Items listed in a dataset:
####################
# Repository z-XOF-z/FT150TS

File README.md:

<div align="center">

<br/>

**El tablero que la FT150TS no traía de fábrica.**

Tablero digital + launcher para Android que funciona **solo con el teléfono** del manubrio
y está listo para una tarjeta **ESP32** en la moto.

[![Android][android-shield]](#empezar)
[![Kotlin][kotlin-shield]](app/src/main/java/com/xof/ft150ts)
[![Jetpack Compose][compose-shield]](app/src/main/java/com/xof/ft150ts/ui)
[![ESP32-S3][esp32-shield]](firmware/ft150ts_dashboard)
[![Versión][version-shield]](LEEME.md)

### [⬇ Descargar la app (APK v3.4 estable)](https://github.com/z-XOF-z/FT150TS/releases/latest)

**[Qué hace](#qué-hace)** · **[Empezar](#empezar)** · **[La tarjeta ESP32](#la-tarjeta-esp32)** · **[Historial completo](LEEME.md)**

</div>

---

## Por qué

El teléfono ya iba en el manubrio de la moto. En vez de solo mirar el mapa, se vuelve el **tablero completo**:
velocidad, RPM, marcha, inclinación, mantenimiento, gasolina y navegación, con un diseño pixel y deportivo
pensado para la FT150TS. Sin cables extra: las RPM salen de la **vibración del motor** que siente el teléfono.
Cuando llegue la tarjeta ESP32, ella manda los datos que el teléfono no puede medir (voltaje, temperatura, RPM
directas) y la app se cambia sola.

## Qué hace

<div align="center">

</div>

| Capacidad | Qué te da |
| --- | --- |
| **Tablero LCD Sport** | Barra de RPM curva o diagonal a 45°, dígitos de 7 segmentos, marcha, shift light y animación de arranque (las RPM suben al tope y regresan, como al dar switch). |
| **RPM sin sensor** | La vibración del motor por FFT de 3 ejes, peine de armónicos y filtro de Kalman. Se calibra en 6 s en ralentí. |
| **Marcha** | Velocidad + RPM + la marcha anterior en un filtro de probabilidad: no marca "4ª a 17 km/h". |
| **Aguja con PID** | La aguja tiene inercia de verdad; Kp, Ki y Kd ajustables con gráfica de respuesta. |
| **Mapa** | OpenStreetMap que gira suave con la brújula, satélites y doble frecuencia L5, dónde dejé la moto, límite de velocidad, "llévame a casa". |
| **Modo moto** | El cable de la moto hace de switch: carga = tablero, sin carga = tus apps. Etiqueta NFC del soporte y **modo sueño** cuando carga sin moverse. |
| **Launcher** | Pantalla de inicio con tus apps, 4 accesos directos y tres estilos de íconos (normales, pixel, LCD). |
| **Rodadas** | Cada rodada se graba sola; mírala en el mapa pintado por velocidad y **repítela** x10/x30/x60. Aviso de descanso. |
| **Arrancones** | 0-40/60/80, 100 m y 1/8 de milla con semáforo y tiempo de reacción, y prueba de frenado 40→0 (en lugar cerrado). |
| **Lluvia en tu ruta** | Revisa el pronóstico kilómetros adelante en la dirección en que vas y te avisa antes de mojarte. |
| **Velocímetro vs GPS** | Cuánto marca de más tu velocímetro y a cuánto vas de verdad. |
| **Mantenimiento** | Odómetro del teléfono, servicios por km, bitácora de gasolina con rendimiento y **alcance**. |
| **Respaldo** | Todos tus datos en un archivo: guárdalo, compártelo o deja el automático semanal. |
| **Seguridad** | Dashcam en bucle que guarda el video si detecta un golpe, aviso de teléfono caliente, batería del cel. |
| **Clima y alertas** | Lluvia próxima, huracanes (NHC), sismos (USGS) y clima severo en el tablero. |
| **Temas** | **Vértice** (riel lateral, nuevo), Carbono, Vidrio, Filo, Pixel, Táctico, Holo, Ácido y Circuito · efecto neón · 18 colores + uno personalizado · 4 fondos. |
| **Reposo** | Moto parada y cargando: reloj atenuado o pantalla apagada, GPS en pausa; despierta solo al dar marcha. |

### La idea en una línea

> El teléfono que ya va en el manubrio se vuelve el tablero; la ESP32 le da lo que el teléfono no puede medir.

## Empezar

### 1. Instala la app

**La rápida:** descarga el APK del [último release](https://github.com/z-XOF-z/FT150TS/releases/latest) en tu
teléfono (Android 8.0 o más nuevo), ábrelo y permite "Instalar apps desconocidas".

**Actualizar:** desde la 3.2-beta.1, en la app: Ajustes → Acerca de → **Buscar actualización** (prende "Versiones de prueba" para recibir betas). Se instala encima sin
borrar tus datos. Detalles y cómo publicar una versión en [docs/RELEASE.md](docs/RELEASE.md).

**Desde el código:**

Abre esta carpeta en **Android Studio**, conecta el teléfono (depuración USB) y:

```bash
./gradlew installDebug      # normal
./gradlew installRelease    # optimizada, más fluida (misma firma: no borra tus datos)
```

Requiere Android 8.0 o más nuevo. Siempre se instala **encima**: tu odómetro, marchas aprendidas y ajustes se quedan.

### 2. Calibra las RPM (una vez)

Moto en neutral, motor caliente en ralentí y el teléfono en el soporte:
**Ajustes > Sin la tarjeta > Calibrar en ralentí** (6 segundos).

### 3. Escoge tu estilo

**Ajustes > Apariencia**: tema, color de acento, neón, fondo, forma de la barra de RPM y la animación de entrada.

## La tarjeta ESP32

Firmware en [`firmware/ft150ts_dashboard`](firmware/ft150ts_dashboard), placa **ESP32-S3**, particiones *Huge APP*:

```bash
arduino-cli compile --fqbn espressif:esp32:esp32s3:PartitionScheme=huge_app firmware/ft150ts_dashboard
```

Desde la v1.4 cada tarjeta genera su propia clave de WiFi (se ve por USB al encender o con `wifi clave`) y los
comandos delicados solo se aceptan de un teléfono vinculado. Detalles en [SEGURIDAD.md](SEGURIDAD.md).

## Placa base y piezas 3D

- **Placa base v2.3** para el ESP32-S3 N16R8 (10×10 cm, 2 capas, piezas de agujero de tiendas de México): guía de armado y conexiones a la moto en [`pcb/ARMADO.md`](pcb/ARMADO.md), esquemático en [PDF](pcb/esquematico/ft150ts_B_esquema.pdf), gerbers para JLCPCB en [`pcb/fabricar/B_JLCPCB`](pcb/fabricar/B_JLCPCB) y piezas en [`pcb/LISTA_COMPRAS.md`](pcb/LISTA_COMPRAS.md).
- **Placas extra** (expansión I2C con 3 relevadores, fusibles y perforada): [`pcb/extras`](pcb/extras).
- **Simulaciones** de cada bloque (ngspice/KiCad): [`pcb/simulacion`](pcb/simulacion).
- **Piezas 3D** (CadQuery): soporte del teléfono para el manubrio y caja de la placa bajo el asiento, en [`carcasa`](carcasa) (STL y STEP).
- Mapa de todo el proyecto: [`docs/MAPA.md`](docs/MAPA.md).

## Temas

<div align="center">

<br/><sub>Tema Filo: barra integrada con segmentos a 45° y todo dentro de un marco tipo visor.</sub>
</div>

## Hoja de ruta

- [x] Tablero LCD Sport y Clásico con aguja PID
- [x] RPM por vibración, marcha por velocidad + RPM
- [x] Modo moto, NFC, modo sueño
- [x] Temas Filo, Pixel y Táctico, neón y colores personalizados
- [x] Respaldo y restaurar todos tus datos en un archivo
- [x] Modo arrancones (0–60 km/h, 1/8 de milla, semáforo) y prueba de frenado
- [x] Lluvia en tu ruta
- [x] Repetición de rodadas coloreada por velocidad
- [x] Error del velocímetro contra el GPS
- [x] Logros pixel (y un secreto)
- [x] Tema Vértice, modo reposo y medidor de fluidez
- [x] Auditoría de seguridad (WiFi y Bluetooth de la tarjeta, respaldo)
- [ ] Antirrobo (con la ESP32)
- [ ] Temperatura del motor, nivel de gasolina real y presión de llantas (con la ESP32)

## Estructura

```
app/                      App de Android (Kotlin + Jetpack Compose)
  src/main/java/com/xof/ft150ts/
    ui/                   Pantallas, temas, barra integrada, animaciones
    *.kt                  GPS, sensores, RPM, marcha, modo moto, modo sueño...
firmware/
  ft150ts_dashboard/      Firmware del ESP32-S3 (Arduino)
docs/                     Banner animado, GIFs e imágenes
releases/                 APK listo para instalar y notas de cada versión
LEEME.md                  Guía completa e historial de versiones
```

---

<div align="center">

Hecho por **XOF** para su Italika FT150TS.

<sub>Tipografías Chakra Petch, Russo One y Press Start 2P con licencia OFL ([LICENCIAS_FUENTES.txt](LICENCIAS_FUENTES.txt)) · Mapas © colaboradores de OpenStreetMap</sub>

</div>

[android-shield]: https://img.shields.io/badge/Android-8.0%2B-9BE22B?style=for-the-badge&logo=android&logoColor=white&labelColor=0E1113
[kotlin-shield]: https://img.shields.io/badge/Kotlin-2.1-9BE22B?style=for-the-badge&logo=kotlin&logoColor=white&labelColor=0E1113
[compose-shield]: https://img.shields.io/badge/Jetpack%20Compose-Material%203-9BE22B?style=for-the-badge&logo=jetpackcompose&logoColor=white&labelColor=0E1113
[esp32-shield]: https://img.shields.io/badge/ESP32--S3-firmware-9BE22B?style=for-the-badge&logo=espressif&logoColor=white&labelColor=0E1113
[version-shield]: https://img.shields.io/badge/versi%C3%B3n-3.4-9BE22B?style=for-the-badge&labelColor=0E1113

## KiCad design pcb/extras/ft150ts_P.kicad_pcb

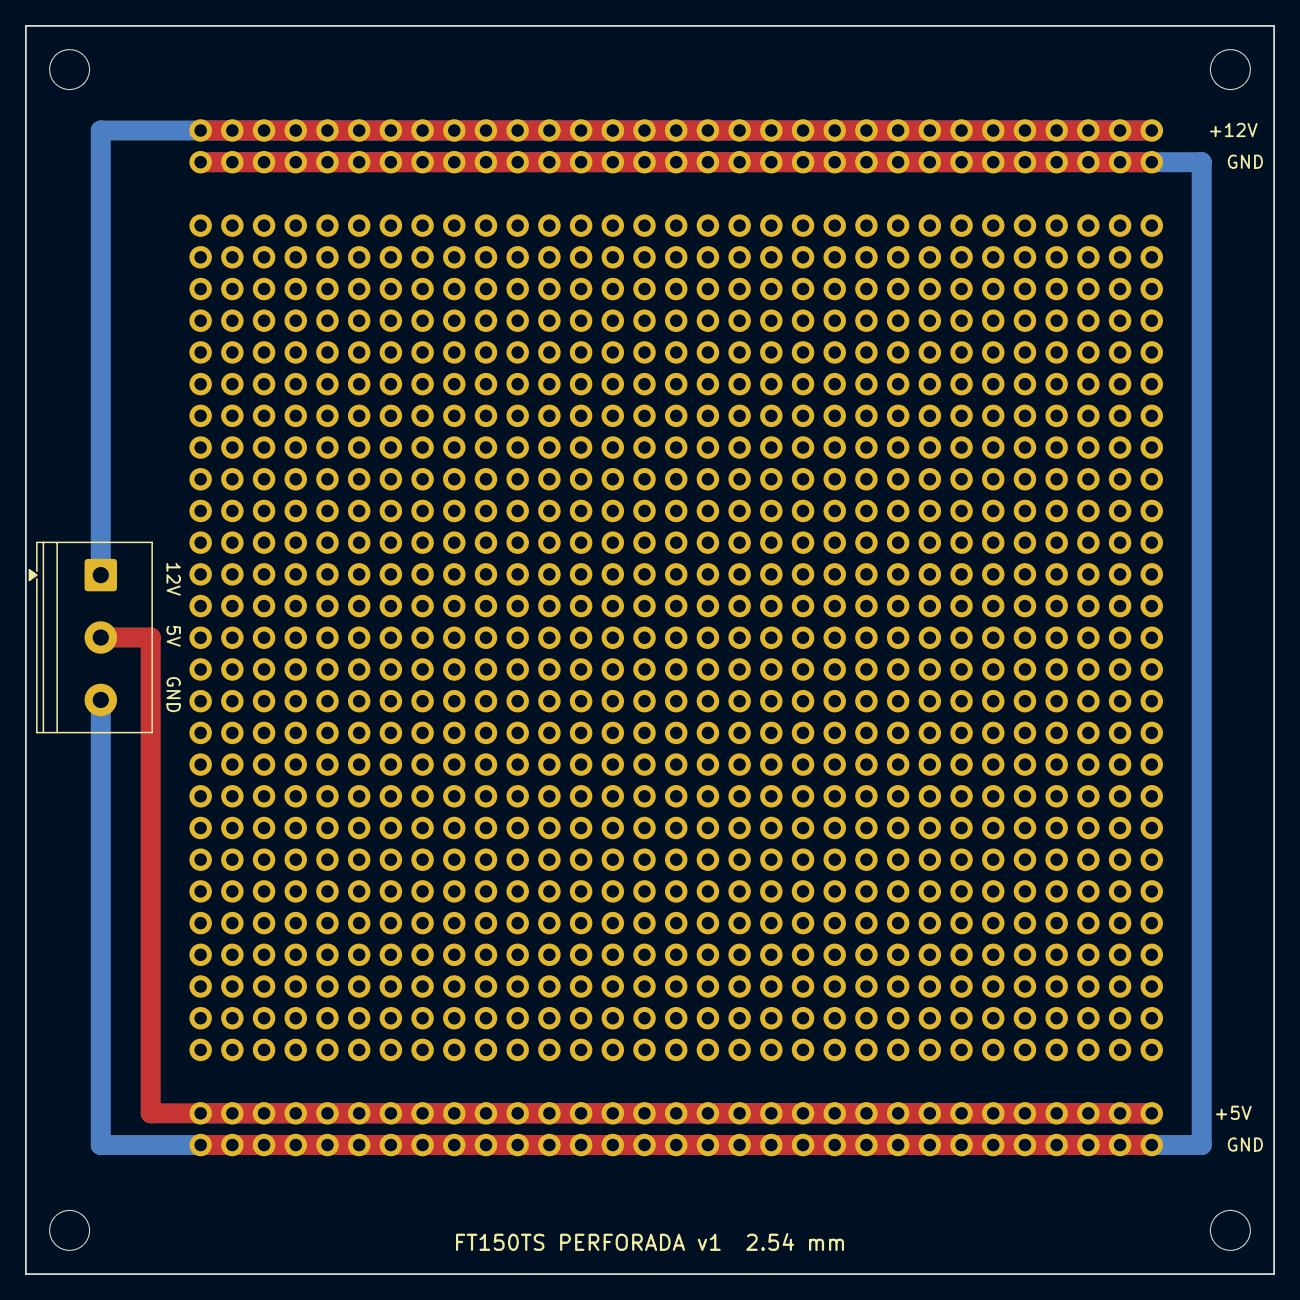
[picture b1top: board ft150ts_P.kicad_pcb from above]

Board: 2 copper layers, 100.0 x 100.0 mm, 6 parts (0 on the bottom side), 3 nets.

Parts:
H1, H2, H3, H4: MountingHole_3.2mm_M3
J1: TerminalBlock_Phoenix_PT-1,5-3-5.0-H_1x03_P5.00mm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; TerminalBlock_Phoenix_PT-1,5-3-5.0-H_1x03_P5.00mm_Horizontal
PERF: (no value)

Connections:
+5V: J1.2, PERF.30, PERF.61, PERF.92, PERF.123, PERF.154, PERF.185, PERF.216, PERF.247, PERF.278, PERF.309, PERF.340, PERF.371, PERF.402, PERF.433, PERF.464, PERF.495, PERF.526, PERF.557, PERF.588, PERF.619, PERF.650, PERF.681, PERF.712, PERF.743, PERF.774, PERF.805, PERF.836, PERF.867, PERF.898, PERF.929, PERF.960
+12V: J1.1, PERF.28, PERF.59, PERF.90, PERF.121, PERF.152, PERF.183, PERF.214, PERF.245, PERF.276, PERF.307, PERF.338, PERF.369, PERF.400, PERF.431, PERF.462, PERF.493, PERF.524, PERF.555, PERF.586, PERF.617, PERF.648, PERF.679, PERF.710, PERF.741, PERF.772, PERF.803, PERF.834, PERF.865, PERF.896, PERF.927, PERF.958
GND: J1.3, PERF.29, PERF.31, PERF.60, PERF.62, PERF.91, PERF.93, PERF.122, PERF.124, PERF.153, PERF.155, PERF.184, PERF.186, PERF.215, PERF.217, PERF.246, PERF.248, PERF.277, PERF.279, PERF.308, PERF.310, PERF.339, PERF.341, PERF.370, PERF.372, PERF.401, PERF.403, PERF.432, PERF.434, PERF.463, PERF.465, PERF.494, PERF.496, PERF.525, PERF.527, PERF.556, PERF.558, PERF.587, PERF.589, PERF.618, PERF.620, PERF.649, PERF.651, PERF.680, PERF.682, PERF.711, PERF.713, PERF.742, PERF.744, PERF.773, PERF.775, PERF.804, PERF.806, PERF.835, PERF.837, PERF.866, PERF.868, PERF.897, PERF.899, PERF.928, PERF.930, PERF.959, PERF.961

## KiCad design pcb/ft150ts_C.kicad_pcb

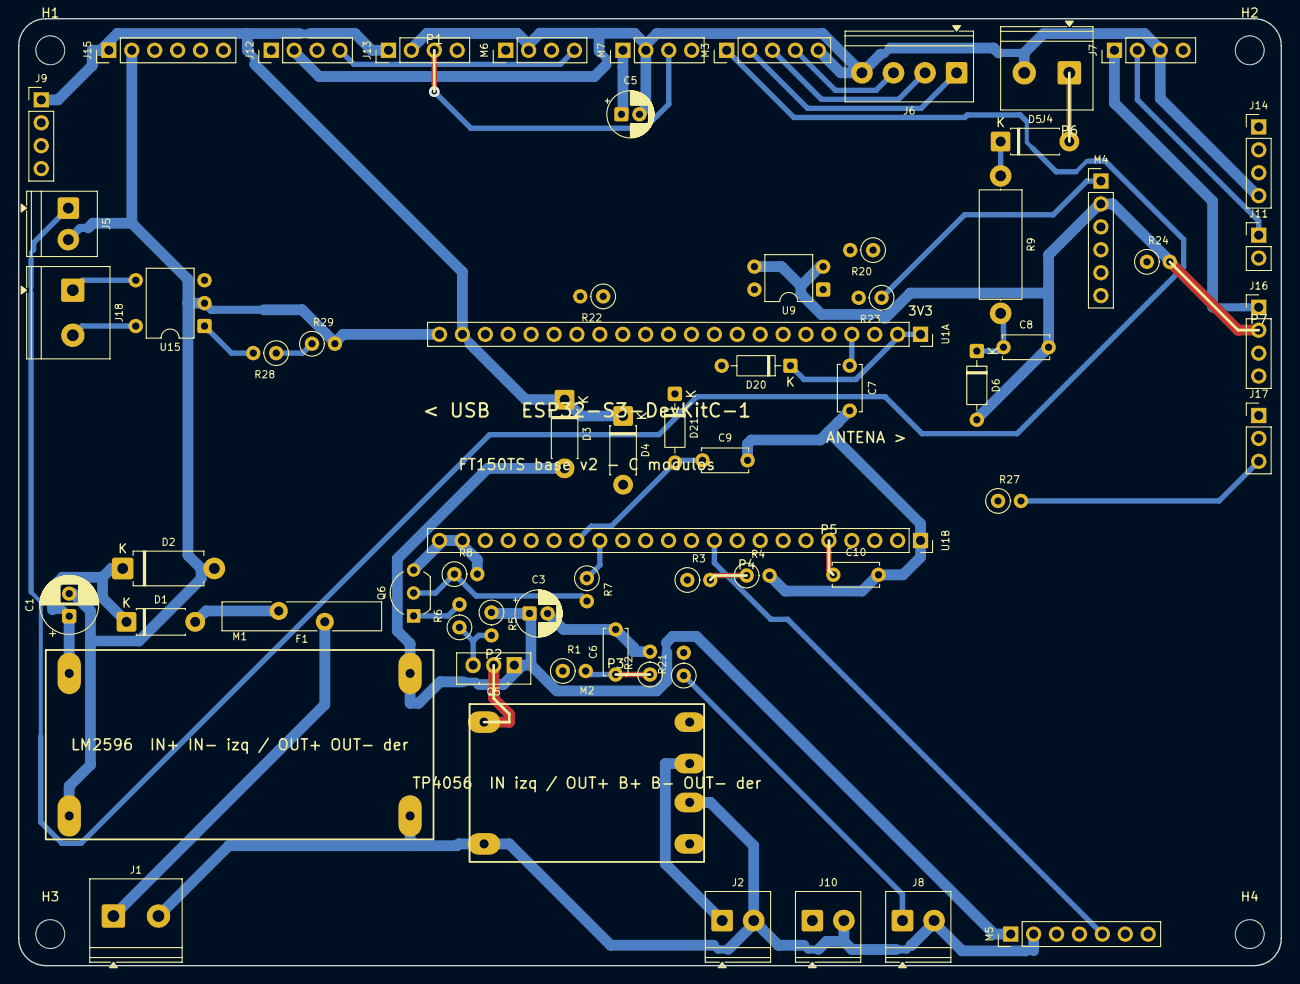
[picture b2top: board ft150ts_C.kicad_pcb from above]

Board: 2 copper layers, 140.0 x 105.0 mm, 68 parts (0 on the bottom side), 57 nets.

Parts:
C1: 100uF 35V; CP_Radial_D6.3mm_P2.50mm
C3, C5: 100uF 10V; CP_Radial_D5.0mm_P2.00mm
C6, C7, C9, C10: 100nF; C_Disc_D5.0mm_W2.5mm_P5.00mm
C8: 4.7nF; C_Disc_D5.0mm_W2.5mm_P5.00mm
D1, D3, D4: 1N5819; D_DO-41_SOD81_P7.62mm_Horizontal
D2: P6KE22A; D_DO-15_P10.16mm_Horizontal
D5: 1N4007; D_DO-41_SOD81_P7.62mm_Horizontal
D6: 1N4148; D_DO-35_SOD27_P7.62mm_Horizontal
D20, D21: BAT85; D_DO-35_SOD27_P7.62mm_Horizontal
F1: MF-R110 1.1A; Fuse_Bourns_MF-RG1100
H1, H2, H3, H4: MountingHole_3.2mm_M3
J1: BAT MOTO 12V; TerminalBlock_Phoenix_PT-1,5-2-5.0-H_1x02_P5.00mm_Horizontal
####################
* _ABOUT THIS EXERCISE_:
Emit an exact copy of the lines spanning the start of the records to the line containing "[![Kotlin][kotlin-shield]](app/src/main/java/com/xof/ft150ts)", inclusive, and no other output.

* _SOLUTION_:
# Repository z-XOF-z/FT150TS

File README.md:

<div align="center">

<br/>

**El tablero que la FT150TS no traía de fábrica.**

Tablero digital + launcher para Android que funciona **solo con el teléfono** del manubrio
y está listo para una tarjeta **ESP32** en la moto.

[![Android][android-shield]](#empezar)
[![Kotlin][kotlin-shield]](app/src/main/java/com/xof/ft150ts)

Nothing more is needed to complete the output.